At the heart of this crisis are the political triggers. Armed conflicts, ethnic or religious persecutions, and systemic human rights abuses force millions to flee their homes in terror. Many are displaced within their own national boundaries, while others seek asylum abroad. If these factors change as a result of political shifts at home or the pressures from abroad, they can return to their homes. Forced displacement is thus different from environmentally driven displacement, as victims of climate change may never be able to return to their homes.

The ramifications of any sort of displacement are profound, not just for those directly affected, but also for host communities and countries. Overburdened infrastructures, socio-economic strains, and cultural tensions can arise, necessitating comprehensive strategies to foster harmony and integration. Yet the root causes of forced displacement can be remedied with a concerted focus by local players and international diplomacy.

Organizations like Refugees International play a crucial role in this arena, advocating for the rights and needs of the displaced, conducting on-the-ground assessments, and influencing policymakers to take informed actions. Their relentless work underscores the gravity of the situation and the urgency ofinternational cooperation. But they, too, are overwhelmed by the rapid expansion of the crisis.

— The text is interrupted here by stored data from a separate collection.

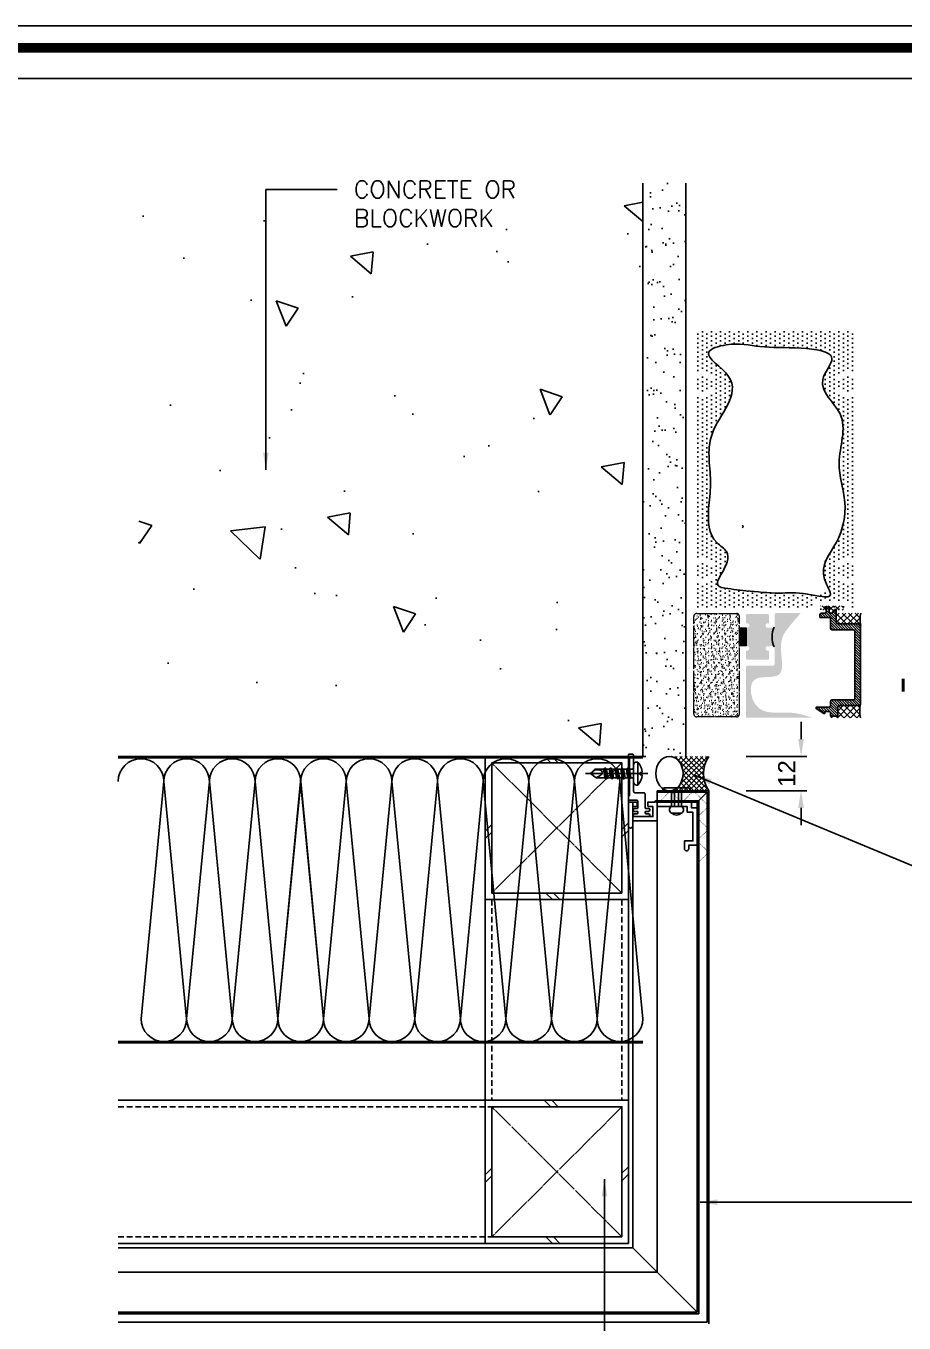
# Model space of a CAD drawing. Header units: millimetres. Extents: x 3549 to 7984, y 668 to 4080.
# Drawn here: x 6894.1 to 7200.5, y 2567.2 to 3019.9 of the extents above; entities that cross this region are included whole.
import ezdxf

# ---------------------------------------------------------------- set-up
doc = ezdxf.new("R2010")
doc.units = ezdxf.units.MM
for name, pattern in [('CENTER', [7.75, 7.25, -0.25, 0, -0.25]), ('HIDDEN', [0.375, 0.25, -0.125]), ('HIDDEN2', [1, 0.5, -0.5])]:
    doc.linetypes.add(name, pattern=pattern)
doc.layers.get('Defpoints').update_dxf_attribs({"color": 211})
for name, color, linetype in [('$0$AA-BORD-TEXT', 3, 'Continuous'), ('.1 text box', 7, 'Continuous'), ('2', 2, 'Continuous'), ('252', 252, 'Continuous'), ('3', 3, 'Continuous'), ('4', 4, 'Continuous'), ('6', 6, 'Continuous'), ('8', 8, 'Continuous'), ('ACCY', 5, 'Continuous'), ('BOARD', 55, 'Continuous'), ('Bolt', 1, 'Continuous'), ('Dims', 1, 'Continuous'), ('nt', 34, 'Continuous'), ('PI', 6, 'Continuous'), ('Structure', 6, 'Continuous'), ('TE 07', 7, 'Continuous'), ('TEXT', 2, 'Continuous')]:
    doc.layers.add(name, color=color, linetype=linetype)
doc.layers.add('1', color=1, linetype='CENTER', lineweight=5)
doc.layers.add('NT Panel', color=7, linetype='Continuous', true_color=0xbfff7f)
doc.layers.add('PANEL', color=9, linetype='Continuous', true_color=0x808080)
doc.styles.get("Standard").update_dxf_attribs({"font": 'arial.ttf'})
doc.styles.add('style1', font='simplex.shx')
doc.dimstyles.new('Telling', dxfattribs={"dimscale": 2, "dimtxt": 3, "dimasz": 3, "dimexe": 1, "dimexo": 3, "dimgap": 1, "dimtad": 1, "dimdec": 1, "dimrnd": 1, "dimdsep": 46, "dimtxsty": 'Standard', "dimcen": 3, "dimclrd": 1, "dimclre": 1, "dimclrt": 2, "dimadec": 0, "dimazin": 0, "dimtfac": 1, "dimtdec": 1, "dimtofl": 0, "dimtmove": 0, "dimatfit": 0, "dimfxl": 1, "dimtolj": 1, "dimtzin": 0, "dimlwe": -1, "dimarcsym": 0})
pattern_1 = [(135, (12081.6085, -33339.0254), (-1.122532015, -1.122532015), []), (225, (12081.6085, -33339.0254), (1.122532015, -1.122532015), [])]

# ---------------------------------------------------------------- blocks, each defined once
blk = doc.blocks.new('AL-TEMPLATE')
at = {"color": 9, "const_width": 2.5}
blk.add_lwpolyline([(1976.34, 1509.45), (2808.34, 1509.45), (2808.34, 927.05), (1976.34, 927.05)], close=True, dxfattribs=at)
at = {"layer": 'nt', "color": 254, "linetype": 'Continuous', "ltscale": 2}
blk.add_lwpolyline([(1972.34, 1515.25), (1972.34, 921.25), (2812.34, 921.25), (2812.34, 1515.25)], close=True, dxfattribs=at)
at = {"layer": 'TE 07'}
blk.add_lwpolyline([(1984.07, 1501.32), (2709.08, 1501.32), (2709.08, 935.18), (1984.07, 935.18)], close=True, dxfattribs=at)
blk = doc.blocks.new('*D14')
at = {"layer": 'Defpoints', "color": 0, "transparency": 16777216}
for p in [(7139.35, 2764.98), (7139.35, 2752.98), (7164.55, 2752.98)]:
    blk.add_point(p, dxfattribs=at)
at = {"layer": 'Dims', "color": 1, "lineweight": -2, "transparency": 16777216}
for p, q in [((7164.55, 2770.98), (7164.55, 2776.98)), ((7164.55, 2746.98), (7164.55, 2740.98))]:
    blk.add_line(p, q, dxfattribs=at)
at = {"layer": 'Dims', "color": 1, "transparency": 16777216}
for p, q in [((7145.35, 2764.98), (7166.55, 2764.98)), ((7145.35, 2752.98), (7166.55, 2752.98))]:
    blk.add_line(p, q, dxfattribs=at)
for points in [[(7163.55, 2770.98), (7165.55, 2770.98), (7164.55, 2764.98)], [(7163.55, 2746.98), (7165.55, 2746.98), (7164.55, 2752.98)]]:
    blk.add_solid(points, dxfattribs=at)
at = {"layer": 'Dims', "color": 2, "transparency": 16777216, "insert": (7159.54, 2758.98), "char_height": 6, "attachment_point": 5, "rotation": 90}
blk.add_mtext('\\A1;12', dxfattribs=at)
blk = doc.blocks.new('50')
at = {"color": 1, "linetype": 'CENTER'}
for p, q in [((-3.97, -22.7), (-49.37, 22.7)), ((-3.97, 22.7), (-49.37, -22.7))]:
    blk.add_line(p, q, dxfattribs=at)
at = {"layer": 'PI', "color": 9}
for p, q in [((-31.12, 25), (-28.82, 22.7)), ((-28.47, 25), (-26.17, 22.7)), ((-49.37, 1.24), (-51.67, -1.06)), ((-1.67, 1.82), (-3.97, -0.48)), ((-49.37, -1.41), (-51.67, -3.71)), ((-1.67, -0.83), (-3.97, -3.13)), ((-30.54, -22.7), (-28.24, -25)), ((-27.89, -22.7), (-25.59, -25))]:
    blk.add_line(p, q, dxfattribs=at)
at = {"layer": 'PI', "color": 4}
for points in [[(-1.67, -25), (-51.67, -25), (-51.67, 25), (-1.67, 25)], [(-3.97, -22.7), (-49.37, -22.7), (-49.37, 22.7), (-3.97, 22.7)]]:
    blk.add_lwpolyline(points, close=True, dxfattribs=at)
blk = doc.blocks.new('sandwitch-p')
at = {"layer": 'PANEL'}
for p, q in [((-402.14, 2613.74), (-394.18, 2696.5)), ((-394.18, 2696.5), (-386.22, 2613.74)), ((-386.22, 2613.74), (-378.27, 2696.5)), ((-378.27, 2696.5), (-370.31, 2613.74)), ((-370.31, 2613.74), (-362.35, 2696.5)), ((-362.35, 2696.5), (-354.39, 2613.74)), ((-354.39, 2613.74), (-346.43, 2696.5)), ((-346.43, 2696.5), (-338.48, 2613.74)), ((-338.48, 2613.74), (-330.52, 2696.5)), ((-330.52, 2696.5), (-322.56, 2613.74))]:
    blk.add_line(p, q, dxfattribs=at)
for points in [[(-322.56, 2705.28), (-410.1, 2705.28)], [(-322.56, 2704.78), (-410.1, 2704.78)], [(-322.56, 2605.78), (-410.1, 2605.78)], [(-322.56, 2605.28), (-410.1, 2605.28)]]:
    blk.add_lwpolyline(points, dxfattribs=at)
for centre, start, end in [((-402.14, 2696.5), 0, 180), ((-386.22, 2696.5), 0, 180), ((-370.31, 2696.5), 0, 180), ((-354.39, 2696.5), 0, 180), ((-338.48, 2696.5), 0, 180), ((-394.18, 2613.74), 180, 0), ((-378.27, 2613.74), 180, 0), ((-362.35, 2613.74), 180, 0), ((-346.43, 2613.74), 180, 0), ((-330.52, 2613.74), 180, 0)]:
    blk.add_arc(centre, 7.96, start, end, dxfattribs=at)
blk = doc.blocks.new('SLIDE-MOLD')
at = {"layer": '.1 text box', "color": 7, "ltscale": 0.8, "true_color": 0xffffff, "elevation": 0}
blk.add_lwpolyline([(27951.36, 11468.84), (27951.36, 11465.84), (27951.36, 11468.84), (27964.36, 11468.84), (27964.36, 11466.84), (27966.36, 11466.84), (27966.36, 11454.59), (27966.74, 11454.52, -0.679596), (27966.74, 11454.15), (27966.36, 11454.09), (27966.36, 11451.59), (27965.11, 11451.59, -0.414214), (27964.86, 11451.84), (27964.86, 11453.34), (27961.36, 11453.34), (27961.36, 11446.34), (27964.86, 11446.34), (27964.86, 11447.59, -0.414214), (27965.11, 11447.84), (27966.36, 11447.84), (27966.36, 11445.09, -0.414214), (27966.11, 11444.84), (27958.11, 11444.84, -1), (27958.11, 11446.34), (27959.86, 11446.34), (27959.86, 11454.59, -0.414214), (27960.11, 11454.84), (27964.86, 11454.84), (27964.86, 11465.34), (27962.86, 11465.34), (27962.86, 11467.34), (27952.86, 11467.34), (27952.86, 11464.34), (27950.11, 11464.34, -1), (27950.11, 11465.84), (27951.36, 11465.84)], format="xyb", dxfattribs=at)
blk.add_lwpolyline([(27982.86, 11444.84), (27981.86, 11444.84, -0.414214), (27981.61, 11445.09), (27981.61, 11445.14), (27968.61, 11445.14), (27968.61, 11445.09, -0.414214), (27968.36, 11444.84), (27967.36, 11444.84, -0.414214), (27967.11, 11445.09), (27967.11, 11447.64, 0.414214), (27966.61, 11448.14), (27964.41, 11448.14, 0.414214), (27964.16, 11447.89), (27964.16, 11446.94, -1), (27963.16, 11446.94), (27963.16, 11447.89, 0.414214), (27962.91, 11448.14), (27962.61, 11448.14, 0.414214), (27962.36, 11447.89), (27962.36, 11446.94, -1), (27961.36, 11446.94), (27961.36, 11451.84, -1), (27962.36, 11451.84), (27962.36, 11450.89, 0.414214), (27962.61, 11450.64), (27962.91, 11450.64, 0.414214), (27963.16, 11450.89), (27963.16, 11451.84, -1), (27964.16, 11451.84), (27964.16, 11450.89, 0.414214), (27964.41, 11450.64), (27969.12, 11450.64, -0.414214), (27969.62, 11450.14), (27969.62, 11447.14, 0.414214), (27970.12, 11446.64), (27976.06, 11446.64), (27976.36, 11446.34), (27976.66, 11446.64), (27982.61, 11446.64, -0.414214), (27983.11, 11446.14), (27983.11, 11445.09, -0.414214)], format="xyb", close=True, dxfattribs=at)
blk = doc.blocks.new('피스')
at = {"color": 1, "linetype": 'CENTER'}
for p, q in [((0, 4.99), (0, -16.77)), ((-0.5, 2.98), (-0.4, 2.3)), ((0.5, 2.98), (0.4, 2.3))]:
    blk.add_line(p, q, dxfattribs=at)
at = {"color": 6}
for p, q in [((-4, 1.5), (-4, 1)), ((-4, 1.5), (4, 1.5)), ((-3, 0), (3, 0)), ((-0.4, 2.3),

International Humanitarian Law (IHL), with its core principles centered on the protection of civilians during conflicts, plays a pivotal role in this discourse. Yet, despite clear legal frameworks, compliance remains
inconsistent. This initiative emphasizes the importance of upholding and reinforcing these international standards.

It’s not just about recognizing the problem; it’s about active engagement. We urge governments, organizations, and individuals to prioritize the rights and needs of the forced displaced. Through collective efforts, informed policies, and sustained advocacy, we can shift the narrative from passive acknowledgment to proactive intervention.